Все восемь человек – рецидивисты, которые на своем веку судились уже по нескольку раз. Один из них, старик 60 лет, прикован за побеги, или, как сам он говорит, «за глупости». Он болен, по-видимому, чахоткой, и бывший смотритель тюрьмы из жалости распорядился поместить его поближе к печке. Другой, когда-то служивший кондуктором на железной дороге, прислан за святотатство и на Сахалине попался в подделке 25-рублевых бумажек. Когда кто-то из ходивших вместе со мной по камерам стал журить его за то, что он ограбил церковь, то он сказал: «Что ж? Богу деньги не нужны». И, заметив, что арестанты не смеются и что эта фраза произвела на всех неприятное впечатление, он добавил: «Зато я людей не убивал». Третий, бывший военный матрос, прислан на Сахалин за дисциплинарное преступление: он бросился на офицера с поднятыми кулаками. На каторге он точно так же бросался на кого-то; в последний раз бросился на смотрителя тюрьмы, когда тот приказал наказать его розгами. Его защитник на военно-полевом суде объяснял эту его манеру бросаться на людей болезненным состоянием; суд приговорил его к смертной казни, а барон А. Н. Корф заменил это наказание пожизненною каторгой, плетьми и прикованием к тачке. Остальные все прикованы за убийство.

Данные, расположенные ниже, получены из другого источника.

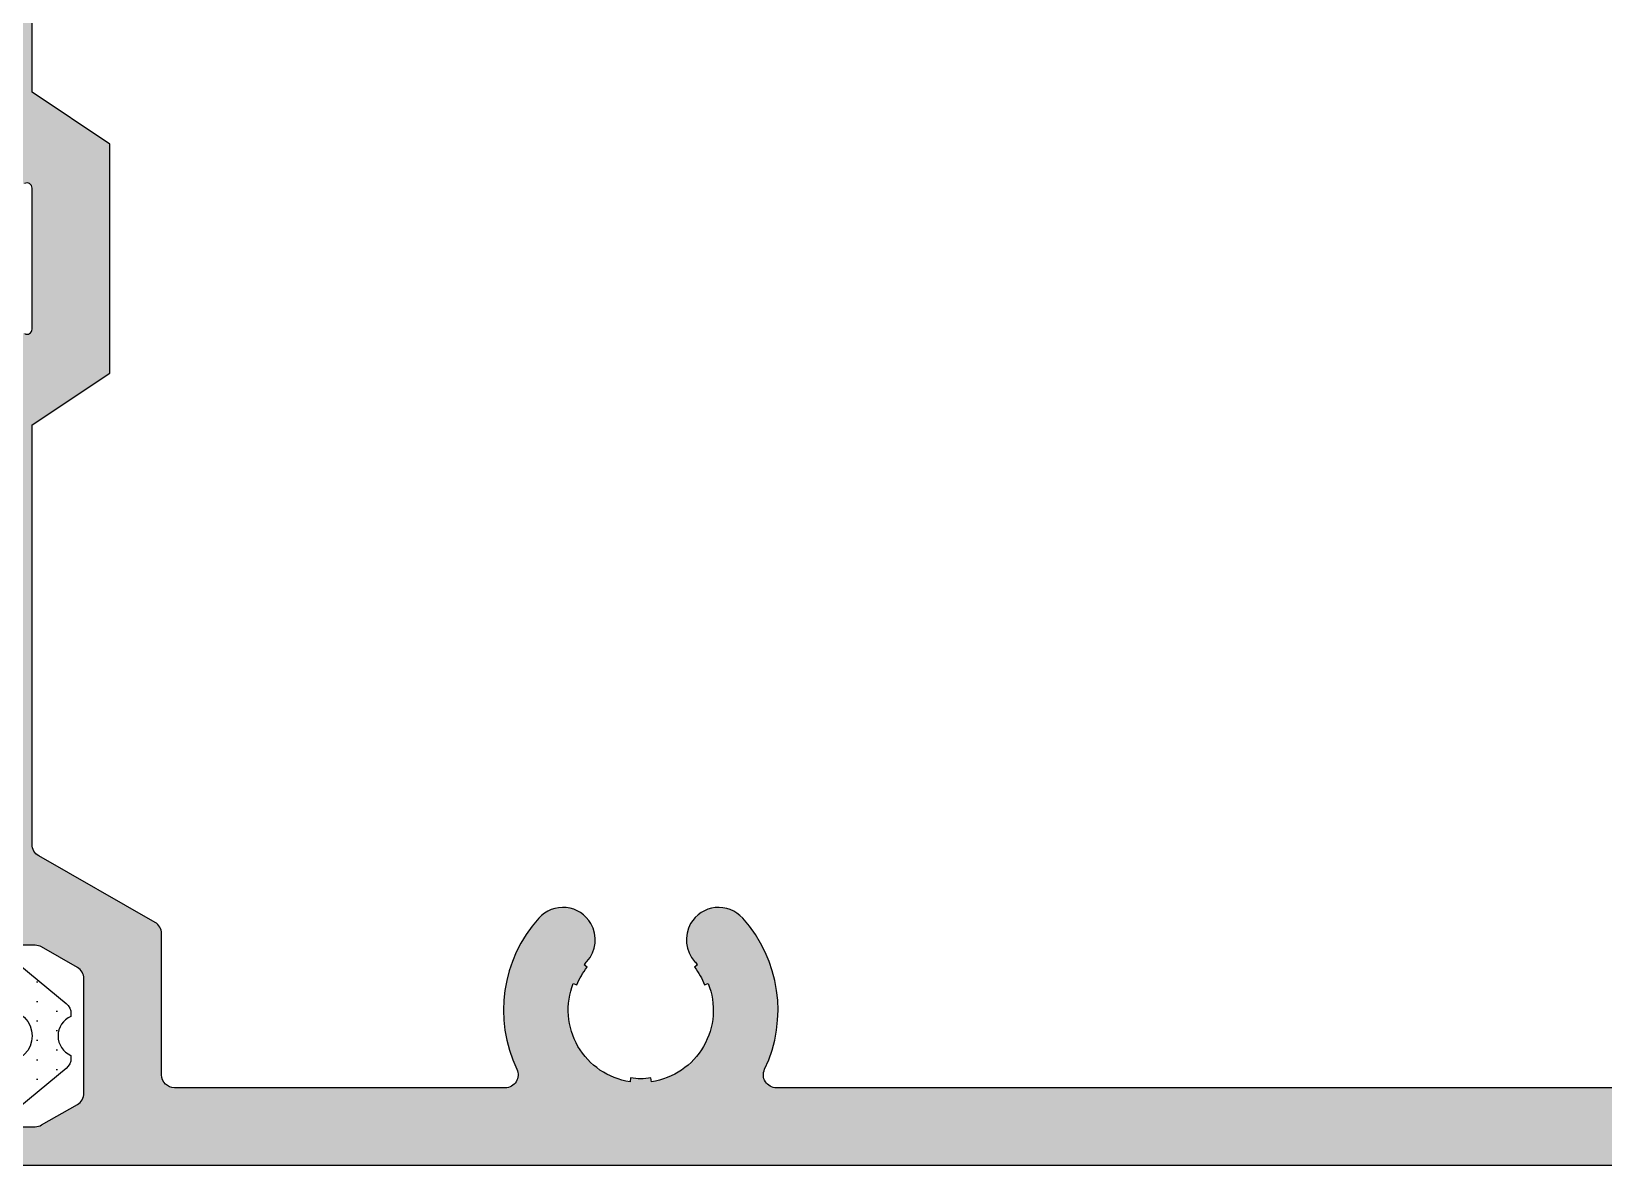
# Model space of a CAD drawing. Header units: millimetres. Extents: x 434053 to 1059003, y -2417481 to 936527.
# Drawn here: x 641118 to 641178.7, y -2239616.2 to -2239572.4 of the extents above; entities that cross this region are included whole.
import ezdxf

# ---------------------------------------------------------------- set-up
doc = ezdxf.new("R2010")
doc.units = ezdxf.units.MM
doc.header["$LTSCALE"] = 1000
doc.header["$MEASUREMENT"] = 0
doc.layers.add('A-DETL-0001', color=4, linetype='Continuous', lineweight=15)
for name, color, linetype in [('ELASTOMER', 6, 'Continuous'), ('ELASTOMER-V', 241, 'Continuous'), ('EXTRUSION1', 4, 'Continuous'), ('HZHZNEWPLOTLAYER#@$TT', 7, 'Continuous'), ('型材断面填充', 254, 'Continuous')]:
    doc.layers.add(name, color=color, linetype=linetype)

# ---------------------------------------------------------------- blocks, each defined once
blk = doc.blocks.new('20211011-LC12')
at = {"layer": '型材断面填充', "linetype": 'ByBlock'}
h = blk.add_hatch(color=256, dxfattribs=at)
edge = h.paths.add_edge_path(flags=16)
edge.add_arc((44.99995046646291, 47.49991090742333), 0.5, 0, 90)
edge.add_line((44.99995046646291, 47.99991090742333), (30.99997148096008, 47.99991090742697))
edge.add_arc((30.99997148096008, 47.49991090742697), 0.5, 90, 180)
edge.add_line((30.49997148096008, 47.49991090742697), (30.49997148096008, 41.62942495593961))
edge.add_arc((29.99997148096001, 41.62942495593948), 0.5000000000000746, -60.25511870231918, 1.4722445484949276e-11, ccw=False)
edge.add_line((30.24804095014406, 41.19530338488039), (25.75187692749023, 38.62606680043245))
edge.add_arc((25.99994639667428, 38.19194522937336), 0.5000000000000722, 119.7448812976808, 180.0000000000147)
edge.add_line((25.4999463966742, 38.19194522937323), (25.4999463966742, 11.49991367585972))
edge.add_arc((25.9999463966742, 11.49991367585972), 0.5, 180, 270)
edge.add_line((25.9999463966742, 10.99991367585972), (44.99995046646291, 10.99991367585608))
edge.add_arc((44.99995046646291, 11.49991367585608), 0.5, 270, 360)
edge.add_line((45.49995046646291, 11.49991367585608), (45.49995046646291, 47.49991090742333))
edge = h.paths.add_edge_path(flags=16)
edge.add_arc((149.9999677274575, 43.99991090404912), 5.299999999982185, 154.4667710054802, 222.0225913319795)
edge.add_arc((146.9912999442908, 41.28874544056831), 1.250000000002372, 222.0225913320076, 330.0000000004409)
edge.add_arc((146.991299944308, 41.28874544058336), 1.249999999995031, 329.9999999994492, 402.0225913369761)
edge.add_arc((149.9999677272222, 43.99991090431489), 2.799999999964994, 218.5196242606471, 222.022591337007, ccw=False)
edge.add_line((147.8092620219977, 42.25611948533697), (147.9266212562216, 42.34953688277528))
edge.add_arc((149.999967727414, 43.99991090412306), 2.649999999989757, 201.4803757469475, 218.5196242551437, ccw=False)
edge.add_line((147.5340286636201, 43.02952719980749), (147.3944472071889, 42.97459982031796))
edge.add_arc((149.9999677274535, 43.99991090408348), 2.80000000000218, 98.51962425415962, 201.4803757459716, ccw=False)
edge.add_line((149.5851529126376, 46.76901340659606), (149.6073751348558, 46.62066862966822))
edge.add_arc((149.9999677274518, 43.99991090408002), 2.649999999998381, 81.48037574577779, 98.51962425422221, ccw=False)
edge.add_line((150.3925603200478, 46.62066862966822), (150.414782542266, 46.76901340658151))
edge.add_arc((149.9999677274758, 43.99991090408665), 2.799999999980847, -21.480375745893127, 81.48037574630712, ccw=False)
edge.add_line((152.605488247722, 42.97459982033251), (152.4659067912726, 43.02952719981113))
edge.add_arc((149.9999677274848, 43.99991090407001), 2.649999999963366, 321.4803757458682, 338.51962425414524, ccw=False)
edge.add_line((152.0733141986857, 42.34953688277528), (152.1906734329095, 42.25611948533697))
edge.add_arc((149.9999677274761, 43.99991090407291), 2.7999999999778, 317.9774086670887, 321.4803757458903, ccw=False)
edge.add_arc((153.0086355105848, 41.28874544055471), 1.2499999999839, 137.9774086670813, 209.9999999993287)
edge.add_arc((153.0086355105922, 41.28874544059364), 1.250000000009841, 210.0000000007027, 317.9774086799817)
edge.add_arc((149.9999677273191, 43.99991090303279), 5.299999999371392, 317.9774086799838, 385.533228998954)
edge.add_arc((155.2335133676093, 46.49991090777562), 0.5000000000005931, 89.99999999995771, 205.5332289990933, ccw=False)
edge.add_line((155.2335133676097, 46.99991090777621), (196.4999677271699, 46.99991090777621))
edge.add_arc((196.4999677271699, 46.49991090777621), 0.5, 0, 90, ccw=False)
edge.add_line((196.9999677271699, 46.49991090777621), (196.9999677271699, -46.50008909222379))
edge.add_arc((196.4999677271699, -46.50008909222379), 0.5, -90, 0, ccw=False)
edge.add_line((196.4999677271699, -47.00008909222379), (155.2335133676133, -47.00008909222379))
edge.add_arc((155.2335133676145, -46.50008909222562), 0.4999999999981668, 154.4667710009284, 269.9999999998665, ccw=False)
edge.add_arc((149.9999677273338, -44.00008908745983), 5.299999999375096, 334.4667710007754, 402.0225913199459)
edge.add_arc((153.0086355106098, -41.2889236250227), 1.250000000012796, 42.0225913198766, 149.9999999990068)
edge.add_arc((153.0086355106102, -41.28892362497651), 1.249999999990001, 150.000000000849, 222.0225913322366)
edge.add_arc((149.9999677274278, -44.00008908850176), 2.800000000031143, 38.51962425341719, 42.02259133231382, ccw=False)
edge.add_line((152.1906734329241, -42.25629766975908), (152.0733141987039, -42.34971506719739))
edge.add_arc((149.9999677274898, -44.00008908849453), 2.64999999997516, 21.48037574572578, 38.5196242539954, ccw=False)
edge.add_line((152.4659067912908, -43.02970538423688), (152.6054882477438, -42.97477800475463))
edge.add_arc((149.9999677274895, -44.00008908850669), 2.799999999987707, -81.48037574615881, 21.480375745792287, ccw=False)
edge.add_line((150.4147825422879, -46.76919159100726), (150.392560320066, -46.62084681409397))
edge.add_arc((149.99996772747, -44.00008908851306), 2.649999999991179, 261.4803757457545, 278.5196242542455, ccw=False)
edge.add_line((149.607375134874, -46.62084681409397), (149.5851529126594, -46.76919159102181))
edge.add_arc((149.9999677274713, -44.00008908850853), 2.800000000002273, 158.5196242542045, 261.48037574592416, ccw=False)
edge.add_line((147.3944472072035, -42.97477800475099), (147.5340286636383, -43.02970538423324))
edge.add_arc((149.9999677274603, -44.00008908856505), 2.650000000021864, 141.48037574496, 158.5196242529483, ccw=False)
edge.add_line((147.9266212562397, -42.34971506720103), (147.8092620220159, -42.25629766976272))
edge.add_arc((149.9999677272715, -44.00008908887715), 2.800000000074363, 137.9774086613496, 141.4803757375638, ccw=False)
edge.add_arc((146.9912999443257, -41.28892362501345), 1.249999999997598, 317.9774086631735, 390.0000000007128)
edge.add_arc((146.99129994431, -41.2889236249865), 1.249999999997777, 29.99999999928112, 137.977408668044)
edge.add_arc((149.9999677274575, -44.00008908847506), 5.299999999968509, 137.9774086678316, 205.5332289948497)
edge.add_arc((144.7664220870027, -46.50008909283886), 0.4999999993885642, -90.00000000040058, 25.533228995279387, ccw=False)
edge.add_line((144.7664220869992, -47.00008909222743), (77.23351281481882, -47.00008909222379))
edge.add_arc((77.23351281482269, -46.50008909222416), 0.4999999999996305, 154.4667710196739, 269.9999999995571, ccw=False)
edge.add_arc((71.99996717372757, -44.00008908917734), 5.2999999993676, 334.4667710195702, 402.0225913200246)
edge.add_arc((75.00863495699468, -41.28892362674407), 1.250000000014449, 42.02259132006964, 149.9999999990196)
edge.add_arc((75.00863495699342, -41.28892362669682), 1.249999999989737, 150.000000000866, 222.0225913327244)
edge.add_arc((71.99996717384312, -44.00008909023255), 2.800000000014636, 38.51962425404338, 42.02259133269388, ccw=False)
edge.add_line((74.19067287930739, -42.2562976714762), (74.07331364508718, -42.34971506891816))
edge.add_arc((71.99996717388355, -44.00008909021446), 2.64999999996647, 21.48037574586499, 38.51962425412188, ccw=False)
edge.add_line((74.46590623767406, -43.029705385954), (74.60548769412708, -42.97477800647539))
edge.add_arc((71.99996717388368, -44.0000890902311), 2.799999999978886, -81.4803757463576, 21.48037574594349, ccw=False)
edge.add_line((72.41478198867117, -46.76919159272438), (72.3925597664529, -46.62084681581109))
edge.add_arc((71.99996717385511, -44.00008909021927), 2.650000000002241, 261.4803757457505, 278.5196242542495, ccw=False)
edge.add_line((71.60737458125732, -46.62084681581109), (71.5851523590427, -46.76919159273893))
edge.add_arc((71.9999671738546, -44.00008909022566), 2.800000000002273, 158.5196242542045, 261.48037574592416, ccw=False)
edge.add_line((69.39444665358678, -42.97477800646811), (69.53402811002161, -43.02970538595036))
edge.add_arc((71.99996717384359, -44.00008909028218), 2.650000000021877, 141.4803757449602, 158.5196242529483, ccw=False)
edge.add_line((69.92662070262304, -42.34971506891816), (69.8092614683992, -42.25629767147984))
edge.add_arc((71.99996717365867, -44.00008909059759), 2.800000000079483, 137.9774086613527, 141.4803757375606, ccw=False)
edge.add_arc((68.99129939071263, -41.28892362673096), 1.24999999999467, 317.9774086630762, 390.0000000008104)
edge.add_arc((68.99129939069567, -41.28892362671115), 1.24999999999945, 29.99999999963546, 137.9774086678739)
edge.add_arc((71.99996717385162, -44.00008909019281), 5.29999999997183, 137.9774086679079, 205.5332289760399)
edge.add_arc((66.76642153256614, -46.50008909283731), 0.4999999993937493, -89.99999999983072, 25.533228975857583, ccw=False)
edge.add_line((66.76642153256762, -47.00008909223106), (53.99997437780257, -47.00008909222379))
edge.add_arc((53.99997437780257, -46.50008909222379), 0.5, 180, 270, ccw=False)
edge.add_line((53.49997437780257, -46.50008909222379), (53.49997437780257, -41.0492827536109))
edge.add_arc((52.99997437780272, -41.04928275361116), 0.4999999999998508, 3.012621394283142e-11, 60.2551187032944)
edge.add_line((53.24804384697927, -40.61516118254804), (48.75187982433636, -38.04592459819105))
edge.add_arc((48.99994929351042, -37.61180302713355), 0.4999999999937293, 179.9999999998022, 240.2551187032219, ccw=False)
edge.add_line((48.49994929351669, -37.61180302713183), (48.49994929351669, -21.42003070778082))
edge.add_line((48.49994929351669, -21.42003070778082), (51.49994818768027, -19.42003353000109))
edge.add_line((51.49994818768027, -19.42003353000109), (51.49995242101431, -10.58014171368632))
edge.add_line((51.49995242101431, -10.58014171368632), (48.49994929351669, -8.580141713686317))
edge.add_line((48.49994929351669, -8.580141713686317), (48.49994929351305, 46.49991090777621))
edge.add_arc((48.99994929351305, 46.49991090777621), 0.5, 90, 180, ccw=False)
edge.add_line((48.99994929351305, 46.99991090777621), (66.76642153254579, 46.99991090777621))
edge.add_arc((66.76642153254585, 46.49991090838004), 0.4999999993961737, -25.53322897587941, 90.00000000000648, ccw=False)
edge.add_arc((71.99996717384073, 43.99991090573047), 5.29999999998008, 154.4667710239566, 222.0225913319557)
edge.add_arc((68.99129939067411, 41.28874544225269), 1.250000000002382, 222.0225913320071, 330.0000000004407)
edge.add_arc((68.99129939069093, 41.2887454422677), 1.249999999995329, 329.9999999994593, 402.0225913369661)
edge.add_arc((71.99996717361542, 43.9999109060077), 2.799999999978036, 218.5196242606551, 222.0225913369986, ccw=False)
edge.add_line((69.80926146838101, 42.25611948702135), (69.92662070260485, 42.34953688445967))
edge.add_arc((71.99996717379726, 43.99991090580745), 2.649999999989746, 201.4803757469476, 218.5196242551439, ccw=False)
edge.add_line((69.53402811000342, 43.02952720149187), (69.39444665357223, 42.97459982200235))
edge.add_arc((71.99996717383682, 43.99991090576786), 2.800000000002193, 98.51962425415991, 201.4803757459715, ccw=False)
edge.add_line((71.58515235902087, 46.76901340828044), (71.60737458123913, 46.6206686313526))
edge.add_arc((71.9999671738351, 43.99991090576441), 2.649999999998381, 81.48037574577779, 98.51962425422221, ccw=False)
edge.add_line((72.39255976643108, 46.6206686313526), (72.41478198864934, 46.76901340826589))
edge.add_arc((71.99996717385912, 43.99991090577103), 2.799999999980847, -21.480375745893127, 81.48037574630712, ccw=False)
edge.add_line((74.60548769410525, 42.9745998220169), (74.46590623765587, 43.02952720149551))
edge.add_arc((71.99996717387123, 43.99991090575257), 2.649999999959764, 321.4803757458565, 338.51962425415684, ccw=False)
edge.add_line((74.07331364506899, 42.34953688445967), (74.19067287929283, 42.25611948702135))
edge.add_arc((71.9999671738591, 43.99991090575755), 2.799999999978197, 317.9774086670888, 321.4803757458899, ccw=False)
edge.add_arc((75.00863495696483, 41.28874544223943), 1.249999999981275, 137.9774086669939, 209.9999999994161)
edge.add_arc((75.00863495697662, 41.28874544228518), 1.25000000001437, 210.0000000009619, 317.9774086801752)
edge.add_arc((71.99996717370281, 43.99991090471644), 5.29999999937113, 317.9774086800978, 385.5332289805276)
edge.add_arc((77.23351281479559, 46.49991090777398), 0.4999999999985966, 89.99999999983879, 205.5332289805141, ccw=False)
edge.add_line((77.233512814797, 46.99991090777257), (144.7664220869701, 46.99991090778349))
edge.add_arc((144.7664220869692, 46.49991090838878), 0.49999999939471, -25.53322899462478, 89.99999999989899, ccw=False)
edge = h.paths.add_edge_path()
edge.add_arc((46.49994929364766, -48.00008909233657), 1, 89.99999999583122, 180, ccw=False)
edge.add_line((46.49994929372042, -47.00008909233657), (46.69997437796701, -47.00008909235112))
edge.add_arc((46.69997437794882, -47.30008909233584), 0.2999999999847205, 6.947971087356564e-10, 89.99999999652601, ccw=False)
edge.add_line((46.99997437793354, -47.3000890923322), (46.99997437793354, -48.00008909235839))
edge.add_arc((47.49997437792626, -48.00008909235112), 0.499999999992724, 180.0000000008338, 270.0000000008338)
edge.add_line((47.49997437793354, -48.50008909234384), (48.61719215938865, -48.50008909234384))
edge.add_arc((48.61719215938988, -48.00008909235079), 0.4999999999930509, 269.9999999998591, 299.7448812970081)
edge.add_line((48.86526162856535, -48.4342106634067), (50.24804384711024, -47.64404939566521))
edge.add_arc((49.99997437792939, -47.20992782459959), 0.5000000000041475, 299.7448812969915, 360.000000000101)
edge.add_line((50.49997437793354, -47.20992782459871), (50.49997437793354, -42.79025036010353))
edge.add_arc((49.99997437794116, -42.79025036010413), 0.4999999999923759, 6.920886986970144e-11, 60.25511870235114)
edge.add_line((50.24804384712115, -42.35612878905158), (48.86526162856899, -41.56596752128462))
edge.add_arc((48.61719215938529, -42.00008909234391), 0.5000000000000704, 60.25511870236548, 90.00000000003176)
edge.add_line((48.61719215938501, -41.50008909234384), (47.49997437793354, -41.50008909235839))
edge.add_arc((47.49997437793354, -42.00008909235839), 0.5, 90, 180)
edge.add_line((46.99997437793354, -42.00008909235839), (46.99997437792626, -42.70008909237731))
edge.add_arc((46.69997437794154, -42.70008909238095), 0.2999999999847205, -90.00000000347399, 6.947971087356564e-10, ccw=False)
edge.add_line((46.69997437792335, -43.00008909236567), (46.49994929357854, -43.00008909235112))
edge.add_arc((46.49994929365116, -42.00008909235098), 1.000000000000135, 180.0000423203751, 269.99999999583895, ccw=False)
edge.add_line((45.4999492936513, -42.00008983098087), (45.49993062815338, -16.72968895943995))
edge.add_arc((45.69993062815482, -16.72968881171576), 0.2000000000014998, 60.882262584501916, 180.0000423198632, ccw=False)
edge.add_line((45.79725179941306, -16.55496448706253), (48.20262716152502, -17.89475474253049))
edge.add_arc((48.29994833278484, -17.72003041787997), 0.1999999999999119, 240.8822625837279, 359.9999584659344)
edge.add_line((48.4999483327847, -17.72003056286121), (48.49995227616455, -12.28014185873326))
edge.add_arc((48.2999522761631, -12.2801417137521), 0.2000000000015049, 359.9999584659582, 479.1177374154966)
edge.add_line((48.20263110490487, -12.10541738909887), (45.79727371288027, -13.44519763524659))
edge.add_arc((45.69995254162206, -13.27047331059337), 0.2000000000014782, 180.0000089597035, 299.11773741549325, ccw=False)
edge.add_line((45.49995254162059, -13.27047334186864), (45.49994929364766, 7.499917070166703))
edge.add_arc((44.99994929364765, 7.499916991979271), 0.5000000000000132, 8.959619687905531e-06, 90.00001743023843)
edge.add_line((44.99994914154013, 7.999916991979262), (24.99994914161289, 7.999910907685262))
edge.add_arc((24.99994929372225, 7.499910907683454), 0.5000000000018305, 90.00001743044888, 179.9999999997929)
edge.add_line((24.49994929372042, 7.499910907685262), (24.49994929372042, 4.999910907685262))
edge.add_arc((24.99994929372042, 4.999910907685262), 0.5, 180, 270)
edge.add_line((24.99994929372042, 4.499910907685262), (26.99994929372042, 4.499910907685262))
edge.add_arc((26.99994929372042, 3.999910907685262), 0.5, 0, 90, ccw=False)
edge.add_line((27.49994929372042, 3.999910907685262), (27.49994929372042, 2.999910907685262))
edge.add_arc((26.99994929372042, 2.999910907685262), 0.5, -90, 0, ccw=False)
edge.add_line((26.99994929372042, 2.499910907685262), (22.99994929372042, 2.499910907685262))
edge.add_arc((22.99994929372042, 2.999910907685262), 0.5, 180, 270, ccw=False)
edge.add_line((22.49994929372042, 2.999910907685262), (22.49994929372042, 7.499910907685262))
edge.add_arc((21.99994929372042, 7.499910907685262), 0.5, 0, 90)
edge.add_line((21.99994929372042, 7.999910907685262), (2.49994929372042, 7.999910907685262))
edge.add_arc((2.49994929372042, 7.499910907685262), 0.5, 90, 180)
edge.add_line((1.99994929372042, 7.499910907685262), (1.99994929372042, 5.999910907685262))
edge.add_arc((2.49994929372042, 5.999910907685262), 0.5, 180, 270)
edge.add_line((2.49994929372042, 5.499910907685262), (4.49994929372042, 5.499910907685262))
edge.add_arc((4.49994929372042, 4.999910907685262), 0.5, 0, 90, ccw=False)
edge.add_line((4.99994929372042, 4.999910907685262), (4.99994929372042, 3.999910907685262))
edge.add_arc((4.49994929372042, 3.999910907685262), 0.5, -90, 0, ccw=False)
edge.add_line((4.49994929372042, 3.499910907685262), (0.4999492937204195, 3.499910907685262))
edge.add_arc((0.4999492937204195, 3.999910907685262), 0.5, 180, 270, ccw=False)
edge.add_line((-5.070627958048135e-05, 3.999910907685262), (-5.070627594250254e-05, 10.49991090768526))
edge.add_arc((0.4999492937240599, 10.49991090768526), 0.5000000000000024, 90.00000795535311, 180.0000000000002, ccw=False)
edge.add_line((0.4999492243005079, 10.99991090768526), (22.99994646609412, 10.99991403180684))
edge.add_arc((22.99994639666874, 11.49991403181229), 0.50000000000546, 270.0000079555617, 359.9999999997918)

Утро было сырое, пасмурное, холодное. Беспокойно шумело море. Помнится, по дороге от старого рудника к новому мы на минутку остановились около старика-кавказца, который лежал на песке в глубоком обмороке; два земляка держали его за руки, беспомощно и растерянно поглядывая по сторонам. Старик был бледен, руки холодные, пульс слабый. Мы поговорили и пошли дальше, не подав ему медицинской помощи. Врач, который сопровождал меня, когда я заметил ему, что не мешало бы дать старику хоть валериановых капель, сказал, что у фельдшера в Воеводской тюрьме нет никаких лекарств.